**TO DO:** Starting at the top of the records below and ending with the line that contains "#6=PRODUCT_DEFINITION_FORMATION('','',#4);", print each line exactly as written, skipping the pictures.

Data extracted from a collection
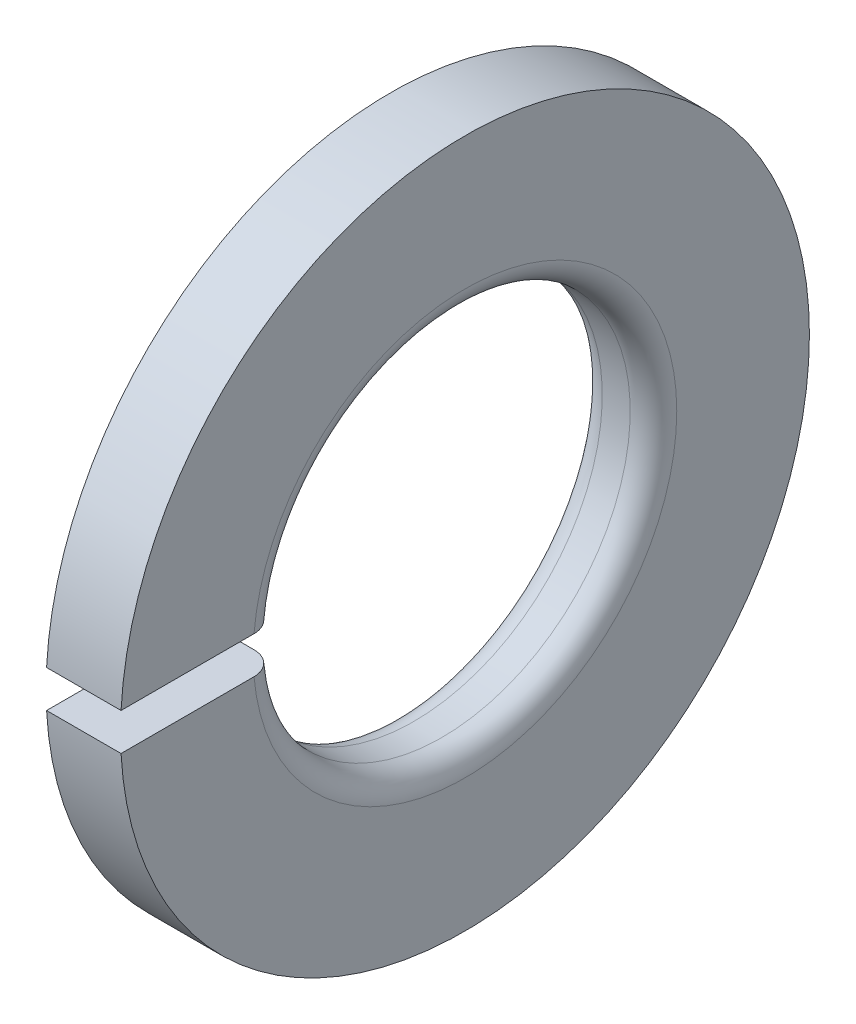
ISO-10303-21;
HEADER;
FILE_DESCRIPTION(('STEP AP214'),'2;1');
FILE_NAME('part.step','',(''),(''),'','','');
FILE_SCHEMA(('AUTOMOTIVE_DESIGN { 1 0 10303 214 1 1 1 1 }'));
ENDSEC;
DATA;
#1=APPLICATION_CONTEXT('core data for automotive mechanical design processes');
#2=APPLICATION_PROTOCOL_DEFINITION('international standard','automotive_design',2000,#1);
#3=PRODUCT_CONTEXT('',#1,'mechanical');
#4=PRODUCT('Part','Part','',(#3));
#5=PRODUCT_RELATED_PRODUCT_CATEGORY('part','',(#4));
#6=PRODUCT_DEFINITION_FORMATION('','',#4);
#7=PRODUCT_DEFINITION_CONTEXT('part definition',#1,'design');
#8=PRODUCT_DEFINITION('design','',#6,#7);
#9=PRODUCT_DEFINITION_SHAPE('','',#8);
#10=(LENGTH_UNIT() NAMED_UNIT(*) SI_UNIT(.MILLI.,.METRE.));
#11=(NAMED_UNIT(*) PLANE_ANGLE_UNIT() SI_UNIT($,.RADIAN.));
#12=(NAMED_UNIT(*) SI_UNIT($,.STERADIAN.) SOLID_ANGLE_UNIT());
#13=UNCERTAINTY_MEASURE_WITH_UNIT(LENGTH_MEASURE(1.E-05),#10,'distance_accuracy_value','');
#14=(GEOMETRIC_REPRESENTATION_CONTEXT(3) GLOBAL_UNCERTAINTY_ASSIGNED_CONTEXT((#13)) GLOBAL_UNIT_ASSIGNED_CONTEXT((#10,
#11,#12)) REPRESENTATION_CONTEXT('',''));
#15=CARTESIAN_POINT('',(0.,0.,0.));
#16=DIRECTION('',(0.,0.,1.));
#17=DIRECTION('',(1.,0.,0.));
#18=AXIS2_PLACEMENT_3D('',#15,#16,#17);
#19=CARTESIAN_POINT('',(-34.9249999999999,0.,0.));
#20=DIRECTION('',(-1.,0.,0.));
#21=DIRECTION('',(0.,0.,1.));
#22=AXIS2_PLACEMENT_3D('',#19,#20,#21);
#23=CYLINDRICAL_SURFACE('',#22,7.4);
#24=DIRECTION('',(-1.,0.,0.));
#25=VECTOR('',#24,1.);
#26=CARTESIAN_POINT('',(-34.9249999999999,0.4,7.38918128076447));
#27=LINE('',#26,#25);
#28=CARTESIAN_POINT('',(0.,0.4,7.38918128076447));
#29=VERTEX_POINT('',#28);
#30=CARTESIAN_POINT('',(-1.6,0.4,7.38918128076447));
#31=VERTEX_POINT('',#30);
#32=EDGE_CURVE('E45',#29,#31,#27,.T.);
#33=ORIENTED_EDGE('',*,*,#32,.F.);
#34=CARTESIAN_POINT('',(0.,0.,0.));
#35=DIRECTION('',(-1.,0.,0.));
#36=DIRECTION('',(0.,0.,1.));
#37=AXIS2_PLACEMENT_3D('',#34,#35,#36);
#38=CIRCLE('',#37,7.4);
#39=CARTESIAN_POINT('',(0.,-0.4,7.38918128076447));
#40=VERTEX_POINT('',#39);
#41=EDGE_CURVE('E106',#29,#40,#38,.T.);
#42=ORIENTED_EDGE('',*,*,#41,.T.);
#43=DIRECTION('',(-1.,0.,0.));
#44=VECTOR('',#43,1.);
#45=CARTESIAN_POINT('',(-34.9249999999999,-0.4,7.38918128076447));
#46=LINE('',#45,#44);
#47=CARTESIAN_POINT('',(-1.6,-0.4,7.38918128076447));
#48=VERTEX_POINT('',#47);
#49=EDGE_CURVE('E87',#48,#40,#46,.F.);
#50=ORIENTED_EDGE('',*,*,#49,.F.);
#51=CARTESIAN_POINT('',(-1.6,0.,0.));
#52=DIRECTION('',(-1.,0.,0.));
#53=DIRECTION('',(0.,0.,1.));
#54=AXIS2_PLACEMENT_3D('',#51,#52,#53);
#55=CIRCLE('',#54,7.4);
#56=EDGE_CURVE('E118',#31,#48,#55,.T.);
#57=ORIENTED_EDGE('',*,*,#56,.F.);
#58=EDGE_LOOP('',(#33,#42,#50,#57));
#59=FACE_BOUND('',#58,.T.);
#60=ADVANCED_FACE('F32',(#59),#23,.T.);
#61=CARTESIAN_POINT('',(0.,4.55,0.));
#62=DIRECTION('',(-1.,0.,0.));
#63=DIRECTION('',(0.,0.,1.));
#64=AXIS2_PLACEMENT_3D('',#61,#62,#63);
#65=PLANE('',#64);
#66=DIRECTION('',(0.,0.,-1.));
#67=VECTOR('',#66,1.);
#68=CARTESIAN_POINT('',(0.,0.4,7.548));
#69=LINE('',#68,#67);
#70=CARTESIAN_POINT('',(0.,0.4,4.53238347892144));
#71=VERTEX_POINT('',#70);
#72=EDGE_CURVE('E92',#29,#71,#69,.T.);
#73=ORIENTED_EDGE('',*,*,#72,.T.);
#74=CARTESIAN_POINT('',(0.,0.,0.));
#75=DIRECTION('',(-1.,0.,0.));
#76=DIRECTION('',(0.,0.,1.));
#77=AXIS2_PLACEMENT_3D('',#74,#75,#76);
#78=CIRCLE('',#77,4.55);
#79=CARTESIAN_POINT('',(0.,-0.4,4.53238347892144));
#80=VERTEX_POINT('',#79);
#81=EDGE_CURVE('E99',#71,#80,#78,.T.);
#82=ORIENTED_EDGE('',*,*,#81,.T.);
#83=DIRECTION('',(0.,0.,1.));
#84=VECTOR('',#83,1.);
#85=CARTESIAN_POINT('',(0.,-0.4,0.));
#86=LINE('',#85,#84);
#87=EDGE_CURVE('E81',#80,#40,#86,.T.);
#88=ORIENTED_EDGE('',*,*,#87,.T.);
#89=ORIENTED_EDGE('',*,*,#41,.F.);
#90=EDGE_LOOP('',(#73,#82,#88,#89));
#91=FACE_BOUND('',#90,.T.);
#92=ADVANCED_FACE('F105',(#91),#65,.F.);
#93=CARTESIAN_POINT('',(-0.5,0.,0.));
#94=DIRECTION('',(-1.,0.,0.));
#95=DIRECTION('',(0.,0.,1.));
#96=AXIS2_PLACEMENT_3D('',#93,#94,#95);
#97=TOROIDAL_SURFACE('',#96,4.55,0.5);
#98=ORIENTED_EDGE('',*,*,#81,.F.);
#99=CARTESIAN_POINT('',(-0.330409125838496,0.4,4.05998263665104));
#100=CARTESIAN_POINT('',(-0.356699409802159,0.4,4.05045896546519));
#101=CARTESIAN_POINT('',(-0.383811711798044,0.4,4.04314572293566));
#102=CARTESIAN_POINT('',(-0.43890146098871,0.4,4.0331697398659));
#103=CARTESIAN_POINT('',(-0.466879878970336,0.4,4.03051242528307));
#104=CARTESIAN_POINT('',(-0.522875623236477,0.4,4.02993732111437));
#105=CARTESIAN_POINT('',(-0.550892926944124,0.4,4.0320174436259));
#106=CARTESIAN_POINT('',(-0.606172773373836,0.4,4.04085230185842));
#107=CARTESIAN_POINT('',(-0.633435494454911,0.4,4.04760592293035));
#108=CARTESIAN_POINT('',(-0.686443389534875,0.4,4.06558912296167));
#109=CARTESIAN_POINT('',(-0.712188500806993,0.4,4.07681888678301));
#110=CARTESIAN_POINT('',(-0.761436770280327,0.4,4.10342912146012));
#111=CARTESIAN_POINT('',(-0.784939816128899,0.4,4.11880980017559));
#112=CARTESIAN_POINT('',(-0.829113401635915,0.4,4.1533315445104));
#113=CARTESIAN_POINT('',(-0.849775233099519,0.4,4.17248375181437));
#114=CARTESIAN_POINT('',(-0.8876079993901,0.4,4.21397126810758));
#115=CARTESIAN_POINT('',(-0.904778856858649,0.4,4.23630664761585));
#116=CARTESIAN_POINT('',(-0.93522366186201,0.4,4.28363431668716));
#117=CARTESIAN_POINT('',(-0.948479748233086,0.4,4.30863809632867));
#118=CARTESIAN_POINT('',(-0.970623347165132,0.4,4.36051051838905));
#119=CARTESIAN_POINT('',(-0.979510773610079,0.4,4.38737919755733));
#120=CARTESIAN_POINT('',(-0.992694264359639,0.4,4.44232245499124));
#121=CARTESIAN_POINT('',(-0.996973767275238,0.4,4.4704010082818));
#122=CARTESIAN_POINT('',(-1.00076411779775,0.4,4.52687835917837));
#123=CARTESIAN_POINT('',(-1.0002749143816,0.4,4.55527716020764));
#124=CARTESIAN_POINT('',(-0.994535929857931,0.4,4.61162260838542));
#125=CARTESIAN_POINT('',(-0.989280734484618,0.4,4.63956870449156));
#126=CARTESIAN_POINT('',(-0.974146548364489,0.4,4.69417974747741));
#127=CARTESIAN_POINT('',(-0.96426758016463,0.4,4.72084470060369));
#128=CARTESIAN_POINT('',(-0.940178144680579,0.4,4.77209438903105));
#129=CARTESIAN_POINT('',(-0.925973856767072,0.4,4.79668202848444));
#130=CARTESIAN_POINT('',(-0.893627088301774,0.4,4.84311401411131));
#131=CARTESIAN_POINT('',(-0.875484665198156,0.4,4.8649584002951));
#132=CARTESIAN_POINT('',(-0.835834730910519,0.4,4.90521248540847));
#133=CARTESIAN_POINT('',(-0.814337571269793,0.4,4.92363238021008));
#134=CARTESIAN_POINT('',(-0.768547265482411,0.4,4.95658736556711));
#135=CARTESIAN_POINT('',(-0.744254170003799,0.4,4.97112252650597));
#136=CARTESIAN_POINT('',(-0.693647642203833,0.4,4.99584577571264));
#137=CARTESIAN_POINT('',(-0.667341118278676,0.4,5.00604800566675));
#138=CARTESIAN_POINT('',(-0.613386245709937,0.4,5.02187927836142));
#139=CARTESIAN_POINT('',(-0.585737916867228,0.4,5.0275083885653));
#140=CARTESIAN_POINT('',(-0.529954605037797,0.4,5.03402249152879));
#141=CARTESIAN_POINT('',(-0.501820931561409,0.4,5.03491870265945));
#142=CARTESIAN_POINT('',(-0.445803103473684,0.4,5.03197138887468));
#143=CARTESIAN_POINT('',(-0.417918947108292,0.4,5.0281278973048));
#144=CARTESIAN_POINT('',(-0.363212088788793,0.4,5.01581674205707));
#145=CARTESIAN_POINT('',(-0.336388641609226,0.4,5.00735238907728));
#146=CARTESIAN_POINT('',(-0.284541175591948,0.4,4.98604553307506));
#147=CARTESIAN_POINT('',(-0.259517162805086,0.4,4.97320301533127));
#148=CARTESIAN_POINT('',(-0.211946618774085,0.4,4.94349125113134));
#149=CARTESIAN_POINT('',(-0.189402955345029,0.4,4.92661741360182));
#150=CARTESIAN_POINT('',(-0.147459087564802,0.4,4.88933373674696));
#151=CARTESIAN_POINT('',(-0.128058917811818,0.4,4.86892385850807));
#152=CARTESIAN_POINT('',(-0.092896266127335,0.4,4.82509033772428));
#153=CARTESIAN_POINT('',(-0.0771436115467008,0.4,4.8016588122359));
#154=CARTESIAN_POINT('',(-0.0497804542348706,0.4,4.75249065234612));
#155=CARTESIAN_POINT('',(-0.0381700327054248,0.4,4.72675397276829));
#156=CARTESIAN_POINT('',(-0.0193802754354039,0.4,4.67361422413994));
#157=CARTESIAN_POINT('',(-0.0122158509545891,0.4,4.64620588245276));
#158=CARTESIAN_POINT('',(-0.00257598547462909,0.4,4.59057656902082));
#159=CARTESIAN_POINT('',(-0.000100635309028552,0.4,4.56235558154479));
#160=CARTESIAN_POINT('',(9.48808271510235E-05,0.4,4.50581794311798));
#161=CARTESIAN_POINT('',(-0.00219827880257787,0.4,4.47750124545325));
#162=CARTESIAN_POINT('',(-0.0115011713231038,0.4,4.42165438954942));
#163=CARTESIAN_POINT('',(-0.0185107660902212,0.4,4.39412420830133));
#164=CARTESIAN_POINT('',(-0.0370577853171436,0.4,4.3406085068411));
#165=CARTESIAN_POINT('',(-0.0485988845907608,0.4,4.31462426004425));
#166=CARTESIAN_POINT('',(-0.0758904922003888,0.4,4.26495974515588));
#167=CARTESIAN_POINT('',(-0.0916420238086196,0.4,4.2412800390537));
#168=CARTESIAN_POINT('',(-0.12688551562409,0.4,4.19694238067456));
#169=CARTESIAN_POINT('',(-0.146372741198813,0.4,4.17628066117905));
#170=CARTESIAN_POINT('',(-0.188537988578078,0.4,4.13855872224396));
#171=CARTESIAN_POINT('',(-0.211212066622337,0.4,4.12149411562195));
#172=CARTESIAN_POINT('',(-0.250142838267341,0.4,4.09706335382185));
#173=CARTESIAN_POINT('',(-0.265634721029425,0.4,4.08845497801365));
#174=CARTESIAN_POINT('',(-0.297444248453073,0.4,4.07292985605953));
#175=CARTESIAN_POINT('',(-0.313761891790982,0.4,4.06601310720213));
#176=CARTESIAN_POINT('',(-0.330409125838496,0.4,4.05998263665104));
#177=B_SPLINE_CURVE_WITH_KNOTS('',3,(#99,#100,#101,#102,#103,#104,#105,#106,#107,#108,#109,#110,
#111,#112,#113,#114,#115,#116,#117,#118,#119,#120,#121,#122,#123,#124,#125,#126,#127,#128,#129,
#130,#131,#132,#133,#134,#135,#136,#137,#138,#139,#140,#141,#142,#143,#144,#145,#146,#147,#148,
#149,#150,#151,#152,#153,#154,#155,#156,#157,#158,#159,#160,#161,#162,#163,#164,#165,#166,#167,
#168,#169,#170,#171,#172,#173,#174,#175,#176),.UNSPECIFIED.,.T.,.F.,(4,2,2,2,2,2,2,2,2,2,2,2,2,
2,2,2,2,2,2,2,2,2,2,2,2,2,2,2,2,2,2,2,2,2,2,2,2,2,4),(0.,0.0838218122114641,0.167741244452587,
0.251623698536691,0.335486153194888,0.41935207168014,0.503222190584035,0.587343895837528,
0.671467464987353,0.755969120076875,0.840472440815542,0.92527847237597,1.0100854113248,
1.09498881356329,1.17989180179064,1.26467405791255,1.34945507734295,1.43397948444925,
1.51850236004252,1.60274721209063,1.68699082132424,1.77103465836235,1.85507790412476,
1.93906101448907,2.02304440724514,2.10712390438263,2.19120432686017,2.27550871417557,
2.35981475405075,2.44440203787257,2.52899096024473,2.61381658398821,2.69863972366968,
2.78353179303787,2.8684445127323,2.95325031685702,3.03795208220452,3.0910288601044,
3.14410555292748),.UNSPECIFIED.);
#178=CARTESIAN_POINT('',(-0.5,0.4,4.03019850627733));
#179=VERTEX_POINT('',#178);
#180=EDGE_CURVE('E125',#71,#179,#177,.T.);
#181=ORIENTED_EDGE('',*,*,#180,.T.);
#182=CARTESIAN_POINT('',(-0.5,0.,0.));
#183=DIRECTION('',(-1.,0.,0.));
#184=DIRECTION('',(0.,0.,1.));
#185=AXIS2_PLACEMENT_3D('',#182,#183,#184);
#186=CIRCLE('',#185,4.05);
#187=CARTESIAN_POINT('',(-0.5,-0.4,4.03019850627733));
#188=VERTEX_POINT('',#187);
#189=EDGE_CURVE('E101',#179,#188,#186,.T.);
#190=ORIENTED_EDGE('',*,*,#189,.T.);
#191=CARTESIAN_POINT('',(-0.330409125838496,-0.4,4.05998263665104));
#192=CARTESIAN_POINT('',(-0.30399805488411,-0.4,4.06955274934155));
#193=CARTESIAN_POINT('',(-0.27837818757097,-0.4,4.08136780490128));
#194=CARTESIAN_POINT('',(-0.229468009968176,-0.4,4.10914708906317));
#195=CARTESIAN_POINT('',(-0.206180642099156,-0.4,4.12511646922172));
#196=CARTESIAN_POINT('',(-0.162628404580926,-0.4,4.16072554719721));
#197=CARTESIAN_POINT('',(-0.142361525598716,-0.4,4.18036278525764));
#198=CARTESIAN_POINT('',(-0.10540486500231,-0.4,4.22274546756492));
#199=CARTESIAN_POINT('',(-0.0887142122853112,-0.4,4.24549015267939));
#200=CARTESIAN_POINT('',(-0.059314535506746,-0.4,4.29352811412793));
#201=CARTESIAN_POINT('',(-0.0466191936025651,-0.4,4.31882976448982));
#202=CARTESIAN_POINT('',(-0.0256391123934152,-0.4,4.37120120069836));
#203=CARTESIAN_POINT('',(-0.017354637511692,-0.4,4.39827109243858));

**YOUR SOLUTION:**
ISO-10303-21;
HEADER;
FILE_DESCRIPTION(('STEP AP214'),'2;1');
FILE_NAME('part.step','',(''),(''),'','','');
FILE_SCHEMA(('AUTOMOTIVE_DESIGN { 1 0 10303 214 1 1 1 1 }'));
ENDSEC;
DATA;
#1=APPLICATION_CONTEXT('core data for automotive mechanical design processes');
#2=APPLICATION_PROTOCOL_DEFINITION('international standard','automotive_design',2000,#1);
#3=PRODUCT_CONTEXT('',#1,'mechanical');
#4=PRODUCT('Part','Part','',(#3));
#5=PRODUCT_RELATED_PRODUCT_CATEGORY('part','',(#4));
#6=PRODUCT_DEFINITION_FORMATION('','',#4);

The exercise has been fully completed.